Ok, what the fuck is “true despair”? Is there a false despair out there? I been depressed since 6. A masochist on and off since then. Now I drink. I just try to live one damn day at a time, my goal is to make it to 30. If feel if I can make it that far, I’ll be good, I’ll get to die old. That would be nice, in my sleep, & natural causes.
Pain sucks. Learning to control it is, everything. Being stoic and compassionate, is the trick isn’t it? I think everyone has it rough, everyone has true despair, but some people are lucky enough to write about it while others can’t. What gets me through each day is, I want to help do a small part, my small part to help the world be a better place to live, for other earthlings. Because as much as I hate, I love so much more.
@everephebe I put the word True in the question because there are people that exists that have view askew views on what they would consider despair, but now that I think about it, if they were that warped they’d just disregard it anyway. My bad, I guess?
No, no, it’s cool. I think I understand @Axemusica. It just makes me question what you regard as legitimate despair. I mean, I have access to running water, electricity, and get to eat each day, – which makes me pretty damn privileged, at least in comparison to, well, much of the world. I didn’t and don’t understand exactly what qualifies for true despair these days. I’m not peachy keen, does that count?
@everephebe well, don’t worry, so far all these quips seem to validate having felt despair. :) So I guess to it’s safe to say that I’m not one of these people that have this veil over my eyes.
My entire childhood was full of despair. Most of you know my story… sexually abused for 13 years, yadda yadda.

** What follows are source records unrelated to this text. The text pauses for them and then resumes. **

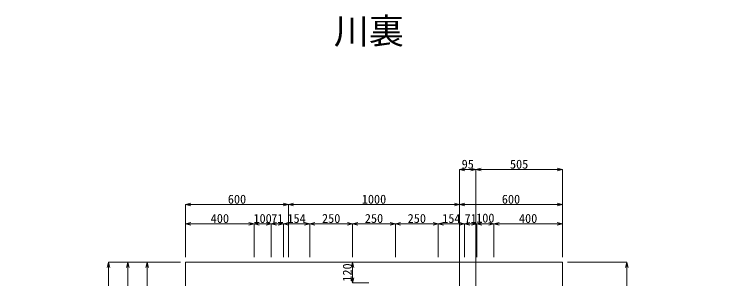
# Model space of a CAD drawing. Header units: millimetres. Extents: x 0 to 30738, y -2677 to 8936.
# Drawn here: x 19298 to 23498, y 1116 to 2672 of the extents above; entities that cross this region are included whole.
import ezdxf

# ---------------------------------------------------------------- set-up
doc = ezdxf.new("R2010")
doc.units = ezdxf.units.MM
doc.header["$LTSCALE"] = 15
doc.linetypes.add('HIDDEN2', pattern=[4.7625, 3.175, -1.5875])
for name, color, linetype, lineweight in [('0寸法', 7, 'Continuous', 5), ('2現場打ち・増しコン', 1, 'HIDDEN2', 13), ('D-TTL-TXTﾀｲﾄﾙ枠文字列', 7, 'Continuous', 25)]:
    doc.layers.add(name, color=color, linetype=linetype, lineweight=lineweight)
doc.styles.get("Standard").update_dxf_attribs({"font": 'MS Gothic.ttf'})
doc.styles.add('寸法文字', font='MS Gothic.ttf')
doc.dimstyles.new('1／15', dxfattribs={"dimscale": 15, "dimtxt": 3.5, "dimasz": 2, "dimexe": 0, "dimexo": 2, "dimgap": 0.3, "dimtad": 1, "dimdec": 0, "dimzin": 1, "dimdsep": 46, "dimtxsty": '寸法文字', "dimblk": 'OPEN30', "dimcen": 2.5, "dimclrd": 256, "dimclre": 256, "dimclrt": 256, "dimadec": 0, "dimazin": 0, "dimtfac": 1, "dimtdec": 0, "dimtmove": 0, "dimatfit": 3, "dimldrblk": 'OPEN30', "dimfxl": 1, "dimlwd": 5, "dimlwe": 5, "dimarcsym": 0})

# ---------------------------------------------------------------- blocks, each defined once
blk = doc.blocks.new('_Open30')
at = {"color": 0, "linetype": 'ByBlock', "lineweight": -2}
for p, q in [((-1, 0.27), (0, 0)), ((0, 0), (-1, -0.27)), ((0, 0), (-1, 0))]:
    blk.add_line(p, q, dxfattribs=at)
blk = doc.blocks.new('*D29')
at = {"layer": '0寸法', "lineweight": 5, "transparency": 16777216}
for p, q in [((20698, 1253.4), (20698, 1448.4)), ((20728, 1448.4), (20768, 1448.4)), ((20798, 1253.4), (20798, 1448.4))]:
    blk.add_line(p, q, dxfattribs=at)
at = {"layer": 'Defpoints', "color": 0, "linetype": 'ByBlock', "transparency": 16777216}
for p in [(20798, 1448.4), (20698, 1223.4), (20798, 1223.4)]:
    blk.add_point(p, dxfattribs=at)
at = {"layer": '0寸法', "linetype": 'ByBlock', "lineweight": 5, "transparency": 16777216, "xscale": 30, "yscale": 30, "zscale": 30, "rotation": 180}
blk.add_blockref('_Open30', (20698, 1448.4), dxfattribs=at)
at = {"layer": '0寸法', "linetype": 'ByBlock', "lineweight": 5, "transparency": 16777216, "xscale": 30, "yscale": 30, "zscale": 30}
blk.add_blockref('_Open30', (20798, 1448.4), dxfattribs=at)
at = {"layer": '0寸法', "linetype": 'ByBlock', "transparency": 16777216, "insert": (20747.5, 1479.1), "char_height": 52.5, "attachment_point": 5, "style": '寸法文字'}
blk.add_mtext('100', dxfattribs=at)
blk = doc.blocks.new('*D30')
at = {"layer": '0寸法', "lineweight": 5, "transparency": 16777216}
for p, q in [((20798, 1253.4), (20798, 1448.4)), ((20828, 1448.4), (20839, 1448.4)), ((20869, 1253.4), (20869, 1448.4))]:
    blk.add_line(p, q, dxfattribs=at)
at = {"layer": 'Defpoints', "color": 0, "linetype": 'ByBlock', "transparency": 16777216}
for p in [(20869, 1448.4), (20798, 1223.4), (20869, 1223.4)]:
    blk.add_point(p, dxfattribs=at)
at = {"layer": '0寸法', "linetype": 'ByBlock', "lineweight": 5, "transparency": 16777216, "xscale": 30, "yscale": 30, "zscale": 30, "rotation": 180}
blk.add_blockref('_Open30', (20798, 1448.4), dxfattribs=at)
at = {"layer": '0寸法', "linetype": 'ByBlock', "lineweight": 5, "transparency": 16777216, "xscale": 30, "yscale": 30, "zscale": 30}
blk.add_blockref('_Open30', (20869, 1448.4), dxfattribs=at)
at = {"layer": '0寸法', "linetype": 'ByBlock', "transparency": 16777216, "insert": (20833.5, 1479.1), "char_height": 52.5, "attachment_point": 5, "style": '寸法文字'}
blk.add_mtext('71', dxfattribs=at)
blk = doc.blocks.new('*D31')
at = {"layer": '0寸法', "lineweight": 5, "transparency": 16777216}
for p, q in [((20869, 1253.4), (20869, 1448.4)), ((20899, 1448.4), (20993, 1448.4)), ((21023, 1253.4), (21023, 1448.4))]:
    blk.add_line(p, q, dxfattribs=at)
at = {"layer": 'Defpoints', "color": 0, "linetype": 'ByBlock', "transparency": 16777216}
for p in [(21023, 1448.4), (20869, 1223.4), (21023, 1223.4)]:
    blk.add_point(p, dxfattribs=at)
at = {"layer": '0寸法', "linetype": 'ByBlock', "lineweight": 5, "transparency": 16777216, "xscale": 30, "yscale": 30, "zscale": 30, "rotation": 180}
blk.add_blockref('_Open30', (20869, 1448.4), dxfattribs=at)
at = {"layer": '0寸法', "linetype": 'ByBlock', "lineweight": 5, "transparency": 16777216, "xscale": 30, "yscale": 30, "zscale": 30}
blk.add_blockref('_Open30', (21023, 1448.4), dxfattribs=at)
at = {"layer": '0寸法', "linetype": 'ByBlock', "transparency": 16777216, "insert": (20946, 1479.1), "char_height": 52.5, "attachment_point": 5, "style": '寸法文字'}
blk.add_mtext('154', dxfattribs=at)
blk = doc.blocks.new('*D32')
at = {"layer": '0寸法', "lineweight": 5, "transparency": 16777216}
for p, q in [((21023, 1253.4), (21023, 1448.4)), ((21053, 1448.4), (21243, 1448.4)), ((21273, 1253.4), (21273, 1448.4))]:
    blk.add_line(p, q, dxfattribs=at)
at = {"layer": 'Defpoints', "color": 0, "linetype": 'ByBlock', "transparency": 16777216}
for p in [(21273, 1448.4), (21023, 1223.4), (21273, 1223.4)]:
    blk.add_point(p, dxfattribs=at)
at = {"layer": '0寸法', "linetype": 'ByBlock', "lineweight": 5, "transparency": 16777216, "xscale": 30, "yscale": 30, "zscale": 30, "rotation": 180}
blk.add_blockref('_Open30', (21023, 1448.4), dxfattribs=at)
at = {"layer": '0寸法', "linetype": 'ByBlock', "lineweight": 5, "transparency": 16777216, "xscale": 30, "yscale": 30, "zscale": 30}
blk.add_blockref('_Open30', (21273, 1448.4), dxfattribs=at)
at = {"layer": '0寸法', "linetype": 'ByBlock', "transparency": 16777216, "insert": (21148, 1479.1), "char_height": 52.5, "attachment_point": 5, "style": '寸法文字'}
blk.add_mtext('250', dxfattribs=at)
blk = doc.blocks.new('*D33')
at = {"layer": '0寸法', "lineweight": 5, "transparency": 16777216}
for p, q in [((21273, 1253.4), (21273, 1448.4)), ((21303, 1448.4), (21493, 1448.4)), ((21523, 1253.4), (21523, 1448.4))]:
    blk.add_line(p, q, dxfattribs=at)
at = {"layer": 'Defpoints', "color": 0, "linetype": 'ByBlock', "transparency": 16777216}
for p in [(21523, 1448.4), (21273, 1223.4), (21523, 1223.4)]:
    blk.add_point(p, dxfattribs=at)
at = {"layer": '0寸法', "linetype": 'ByBlock', "lineweight": 5, "transparency": 16777216, "xscale": 30, "yscale": 30, "zscale": 30, "rotation": 180}
blk.add_blockref('_Open30', (21273, 1448.4), dxfattribs=at)
at = {"layer": '0寸法', "linetype": 'ByBlock', "lineweight": 5, "transparency": 16777216, "xscale": 30, "yscale": 30, "zscale": 30}
blk.add_blockref('_Open30', (21523, 1448.4), dxfattribs=at)
at = {"layer": '0寸法', "linetype": 'ByBlock', "transparency": 16777216, "insert": (21398, 1479.1), "char_height": 52.5, "attachment_point": 5, "style": '寸法文字'}
blk.add_mtext('250', dxfattribs=at)
blk = doc.blocks.new('*D34')
at = {"layer": '0寸法', "lineweight": 5, "transparency": 16777216}
for p, q in [((21523, 1253.4), (21523, 1448.4)), ((21553, 1448.4), (21743, 1448.4)), ((21773, 1253.4), (21773, 1448.4))]:
    blk.add_line(p, q, dxfattribs=at)
at = {"layer": 'Defpoints', "color": 0, "linetype": 'ByBlock', "transparency": 16777216}
for p in [(21773, 1448.4), (21523, 1223.4), (21773, 1223.4)]:
    blk.add_point(p, dxfattribs=at)
at = {"layer": '0寸法', "linetype": 'ByBlock', "lineweight": 5, "transparency": 16777216, "xscale": 30, "yscale": 30, "zscale": 30, "rotation": 180}
blk.add_blockref('_Open30', (21523, 1448.4), dxfattribs=at)
at = {"layer": '0寸法', "linetype": 'ByBlock', "lineweight": 5, "transparency": 16777216, "xscale": 30, "yscale": 30, "zscale": 30}
blk.add_blockref('_Open30', (21773, 1448.4), dxfattribs=at)
at = {"layer": '0寸法', "linetype": 'ByBlock', "transparency": 16777216, "insert": (21648, 1479.1), "char_height": 52.5, "attachment_point": 5, "style": '寸法文字'}
blk.add_mtext('250', dxfattribs=at)
blk = doc.blocks.new('*D35')
at = {"layer": '0寸法', "lineweight": 5, "transparency": 16777216}
for p, q in [((21773, 1253.4), (21773, 1448.4)), ((21803, 1448.4), (21897, 1448.4)), ((21927, 1253.4), (21927, 1448.4))]:
    blk.add_line(p, q, dxfattribs=at)
at = {"layer": 'Defpoints', "color": 0, "linetype": 'ByBlock', "transparency": 16777216}
for p in [(21927, 1448.4), (21773, 1223.4), (21927, 1223.4)]:
    blk.add_point(p, dxfattribs=at)
at = {"layer": '0寸法', "linetype": 'ByBlock', "lineweight": 5, "transparency": 16777216, "xscale": 30, "yscale": 30, "zscale": 30, "rotation": 180}
blk.add_blockref('_Open30', (21773, 1448.4), dxfattribs=at)
at = {"layer": '0寸法', "linetype": 'ByBlock', "lineweight": 5, "transparency": 16777216, "xscale": 30, "yscale": 30, "zscale": 30}
blk.add_blockref('_Open30', (21927, 1448.4), dxfattribs=at)
at = {"layer": '0寸法', "linetype": 'ByBlock', "transparency": 16777216, "insert": (21850, 1479.1), "char_height": 52.5, "attachment_point": 5, "style": '寸法文字'}
blk.add_mtext('154', dxfattribs=at)
blk = doc.blocks.new('*D36')
at = {"layer": '0寸法', "lineweight": 5, "transparency": 16777216}
for p, q in [((21927, 1253.4), (21927, 1448.4)), ((21957, 1448.4), (21968, 1448.4)), ((21998, 1253.4), (21998, 1448.4))]:
    blk.add_line(p, q, dxfattribs=at)
at = {"layer": 'Defpoints', "color": 0, "linetype": 'ByBlock', "transparency": 16777216}
for p in [(21998, 1448.4), (21927, 1223.4), (21998, 1223.4)]:
    blk.add_point(p, dxfattribs=at)
at = {"layer": '0寸法', "linetype": 'ByBlock', "lineweight": 5, "transparency": 16777216, "xscale": 30, "yscale": 30, "zscale": 30, "rotation": 180}
blk.add_blockref('_Open30', (21927, 1448.4), dxfattribs=at)
at = {"layer": '0寸法', "linetype": 'ByBlock', "lineweight": 5, "transparency": 16777216, "xscale": 30, "yscale": 30, "zscale": 30}
blk.add_blockref('_Open30', (21998, 1448.4), dxfattribs=at)
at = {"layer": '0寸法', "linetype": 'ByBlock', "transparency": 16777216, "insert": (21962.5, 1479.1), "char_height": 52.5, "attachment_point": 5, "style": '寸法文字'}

The first time I ever had a suicidal thought I was only 5 years old. I had a few good years in my middle teens, and then it was back. I struggled with massive depression, panic attacks, and suicidal tendencies for many, many years. Therapy and medication have given me a new lease on life, and I am eternally grateful for that.
There was a time in my life that I was faceing 15–50 years in prison. It was from a charge of Child sexual abuse by my ex-wife.. I didn’t see my children for 5 years.
Talk about despair. I was acquitted in court, and my now ex- wife was made a fool of by my attornary.
I remember one bad night as a student when I had stayed up late studying for an important exam drinking coffee and when I eventually went to bed I simply couldn’t sleep. I lay awake and alone for endless hours in the dark trying desperately to sleep and worrying that I would be such a wreck in the morning that I would fail the exam. I don’t think I slept a wink that night but the next morning I sat the exam which I later passed. I rarely drink coffee now.